I just bought a older kohler k818s with some real world mod's on it and want to restore it I only have 30 bills in it so for. if anyone has any direction on getting any original parts point me in the right direction please.


----------



## paulr44 (Oct 14, 2008)

MANY, but not ALL internal rebuild parts, such as piston & rod for many of the Kohler K-Series engines are obsolete, and NLA. If you go to Kohler's website you can look up parts in the public area by spec. number. In the pictures is appears the head gasket is leaking. My biggest concern would be the condition of the carburetor, as I don't think you can get any of the K181 carbs. anymore - check the throttle shaft and bushing for wear.
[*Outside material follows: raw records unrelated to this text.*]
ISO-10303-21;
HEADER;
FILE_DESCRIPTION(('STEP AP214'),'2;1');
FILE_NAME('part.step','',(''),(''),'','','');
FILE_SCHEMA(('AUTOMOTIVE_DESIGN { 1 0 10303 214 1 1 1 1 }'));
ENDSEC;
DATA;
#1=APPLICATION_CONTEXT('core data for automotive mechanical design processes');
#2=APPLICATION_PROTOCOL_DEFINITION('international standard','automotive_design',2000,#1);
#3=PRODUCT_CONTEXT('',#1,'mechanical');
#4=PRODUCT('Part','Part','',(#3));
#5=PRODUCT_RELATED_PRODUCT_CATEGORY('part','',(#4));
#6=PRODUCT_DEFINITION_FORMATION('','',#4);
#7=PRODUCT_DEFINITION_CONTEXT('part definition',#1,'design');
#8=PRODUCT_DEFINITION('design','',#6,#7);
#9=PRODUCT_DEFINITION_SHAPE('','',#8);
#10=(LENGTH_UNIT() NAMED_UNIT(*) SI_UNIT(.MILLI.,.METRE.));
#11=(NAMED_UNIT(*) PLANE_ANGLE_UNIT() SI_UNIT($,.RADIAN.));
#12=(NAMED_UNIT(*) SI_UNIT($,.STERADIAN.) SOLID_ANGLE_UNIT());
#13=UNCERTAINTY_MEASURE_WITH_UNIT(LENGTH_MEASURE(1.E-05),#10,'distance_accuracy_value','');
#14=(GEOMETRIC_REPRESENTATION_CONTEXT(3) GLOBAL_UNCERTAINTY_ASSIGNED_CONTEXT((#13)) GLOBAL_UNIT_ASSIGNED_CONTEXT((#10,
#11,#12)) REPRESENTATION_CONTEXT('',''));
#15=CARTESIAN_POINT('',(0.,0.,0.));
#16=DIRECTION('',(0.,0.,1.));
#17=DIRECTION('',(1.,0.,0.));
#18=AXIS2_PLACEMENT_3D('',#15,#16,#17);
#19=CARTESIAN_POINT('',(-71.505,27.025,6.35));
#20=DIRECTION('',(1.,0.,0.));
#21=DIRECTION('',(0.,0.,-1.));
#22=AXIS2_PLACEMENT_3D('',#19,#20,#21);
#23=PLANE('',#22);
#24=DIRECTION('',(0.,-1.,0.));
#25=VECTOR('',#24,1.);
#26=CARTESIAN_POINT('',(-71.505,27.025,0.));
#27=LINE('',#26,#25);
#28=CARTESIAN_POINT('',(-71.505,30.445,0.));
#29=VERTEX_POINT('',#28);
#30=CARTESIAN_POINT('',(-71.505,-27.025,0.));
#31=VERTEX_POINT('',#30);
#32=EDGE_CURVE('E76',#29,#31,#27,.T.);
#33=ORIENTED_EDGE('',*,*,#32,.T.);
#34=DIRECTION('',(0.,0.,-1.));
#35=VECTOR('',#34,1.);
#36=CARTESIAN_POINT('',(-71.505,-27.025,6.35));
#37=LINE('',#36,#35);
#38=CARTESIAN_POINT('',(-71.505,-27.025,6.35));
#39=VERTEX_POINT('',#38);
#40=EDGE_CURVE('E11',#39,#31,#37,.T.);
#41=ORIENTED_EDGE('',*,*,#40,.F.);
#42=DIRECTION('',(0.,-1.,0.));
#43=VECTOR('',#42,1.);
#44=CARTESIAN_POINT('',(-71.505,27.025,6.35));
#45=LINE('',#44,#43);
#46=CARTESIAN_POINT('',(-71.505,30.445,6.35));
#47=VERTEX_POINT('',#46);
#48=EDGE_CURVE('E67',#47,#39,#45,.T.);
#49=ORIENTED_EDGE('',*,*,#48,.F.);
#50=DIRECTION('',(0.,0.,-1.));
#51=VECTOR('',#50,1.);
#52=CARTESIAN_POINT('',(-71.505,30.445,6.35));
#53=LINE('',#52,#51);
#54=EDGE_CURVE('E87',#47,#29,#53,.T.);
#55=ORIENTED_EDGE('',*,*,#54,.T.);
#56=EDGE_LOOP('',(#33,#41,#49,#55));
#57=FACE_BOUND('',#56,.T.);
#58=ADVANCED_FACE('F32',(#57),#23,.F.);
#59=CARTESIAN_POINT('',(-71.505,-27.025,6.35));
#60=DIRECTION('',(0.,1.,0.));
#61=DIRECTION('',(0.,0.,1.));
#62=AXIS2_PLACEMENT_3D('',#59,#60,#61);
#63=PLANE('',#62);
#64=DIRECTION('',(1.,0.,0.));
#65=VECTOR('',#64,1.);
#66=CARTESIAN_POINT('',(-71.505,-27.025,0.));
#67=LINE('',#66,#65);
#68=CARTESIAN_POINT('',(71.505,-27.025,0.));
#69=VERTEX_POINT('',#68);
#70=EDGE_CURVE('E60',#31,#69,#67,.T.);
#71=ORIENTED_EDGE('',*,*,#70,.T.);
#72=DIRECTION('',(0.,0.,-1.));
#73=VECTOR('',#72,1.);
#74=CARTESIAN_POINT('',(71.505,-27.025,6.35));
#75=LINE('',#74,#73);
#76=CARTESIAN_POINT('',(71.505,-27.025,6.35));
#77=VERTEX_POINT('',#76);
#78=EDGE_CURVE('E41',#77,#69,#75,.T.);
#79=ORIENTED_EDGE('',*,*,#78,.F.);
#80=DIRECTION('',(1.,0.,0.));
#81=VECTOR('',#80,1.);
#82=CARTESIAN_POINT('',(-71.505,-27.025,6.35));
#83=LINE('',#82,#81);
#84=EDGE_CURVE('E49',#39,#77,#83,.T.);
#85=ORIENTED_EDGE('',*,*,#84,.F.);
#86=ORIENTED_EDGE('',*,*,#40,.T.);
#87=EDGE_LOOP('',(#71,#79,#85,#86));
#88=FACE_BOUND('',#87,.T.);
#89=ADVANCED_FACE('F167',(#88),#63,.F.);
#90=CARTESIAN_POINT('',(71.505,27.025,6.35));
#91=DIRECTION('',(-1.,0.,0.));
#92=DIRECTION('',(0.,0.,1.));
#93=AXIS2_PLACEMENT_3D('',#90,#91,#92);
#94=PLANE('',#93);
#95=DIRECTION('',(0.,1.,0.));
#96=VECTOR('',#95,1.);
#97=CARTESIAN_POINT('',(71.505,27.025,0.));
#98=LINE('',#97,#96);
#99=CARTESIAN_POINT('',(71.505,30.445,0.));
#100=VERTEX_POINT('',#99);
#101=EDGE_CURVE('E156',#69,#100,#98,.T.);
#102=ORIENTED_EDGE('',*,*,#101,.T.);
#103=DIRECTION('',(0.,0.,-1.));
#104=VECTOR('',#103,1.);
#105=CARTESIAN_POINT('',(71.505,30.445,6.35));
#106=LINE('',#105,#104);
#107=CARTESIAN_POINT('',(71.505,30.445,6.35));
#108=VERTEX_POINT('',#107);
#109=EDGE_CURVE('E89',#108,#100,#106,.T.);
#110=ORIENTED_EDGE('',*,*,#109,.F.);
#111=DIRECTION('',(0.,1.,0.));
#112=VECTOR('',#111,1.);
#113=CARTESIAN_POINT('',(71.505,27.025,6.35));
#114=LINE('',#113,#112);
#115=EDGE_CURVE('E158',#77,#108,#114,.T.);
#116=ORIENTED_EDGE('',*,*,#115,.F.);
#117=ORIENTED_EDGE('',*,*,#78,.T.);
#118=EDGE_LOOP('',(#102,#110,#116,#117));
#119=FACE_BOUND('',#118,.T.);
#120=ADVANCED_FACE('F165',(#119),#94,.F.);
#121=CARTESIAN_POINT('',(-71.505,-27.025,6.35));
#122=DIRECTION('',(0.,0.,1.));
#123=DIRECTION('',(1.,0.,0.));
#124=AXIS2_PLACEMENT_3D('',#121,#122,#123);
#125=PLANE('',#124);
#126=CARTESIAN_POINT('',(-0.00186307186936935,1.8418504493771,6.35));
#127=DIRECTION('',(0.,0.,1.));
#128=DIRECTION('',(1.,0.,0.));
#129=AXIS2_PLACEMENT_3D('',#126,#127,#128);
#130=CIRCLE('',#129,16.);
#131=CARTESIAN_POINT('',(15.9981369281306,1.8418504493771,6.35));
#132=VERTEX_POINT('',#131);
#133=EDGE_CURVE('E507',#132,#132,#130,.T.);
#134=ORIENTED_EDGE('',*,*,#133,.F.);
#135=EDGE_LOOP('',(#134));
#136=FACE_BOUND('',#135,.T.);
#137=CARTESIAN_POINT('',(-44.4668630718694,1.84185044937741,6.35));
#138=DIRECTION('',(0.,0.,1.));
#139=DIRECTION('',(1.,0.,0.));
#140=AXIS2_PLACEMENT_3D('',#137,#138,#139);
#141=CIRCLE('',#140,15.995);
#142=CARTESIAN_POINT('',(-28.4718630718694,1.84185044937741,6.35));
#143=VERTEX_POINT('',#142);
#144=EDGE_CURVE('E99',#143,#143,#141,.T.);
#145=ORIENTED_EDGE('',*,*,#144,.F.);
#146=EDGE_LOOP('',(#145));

You can probably get the main (ball) bearings, full gasket kit, valve guides, maybe even valves, but I doubt much else for internals...

http://www.kohlerplus.com/login.asp


----------



## Terry dosher (Dec 3, 2012)

thanks for the help do you think that coil is factory are a add on ? I looked at some on the web and they have coils on them but he has a jacked up wiring on it with some speaker wire are boat trailer wire and the carb is free and smooth it just didn't look the part. what year do you think it is I have looked all over the web but I cant pin down any year are what it came off of.


----------



## paulr44 (Oct 14, 2008)

I can't tell you the year now, kohlerplus.com is giving me an error in the dealer area for opening pdf's. The policy & procedure manual gives the year designations.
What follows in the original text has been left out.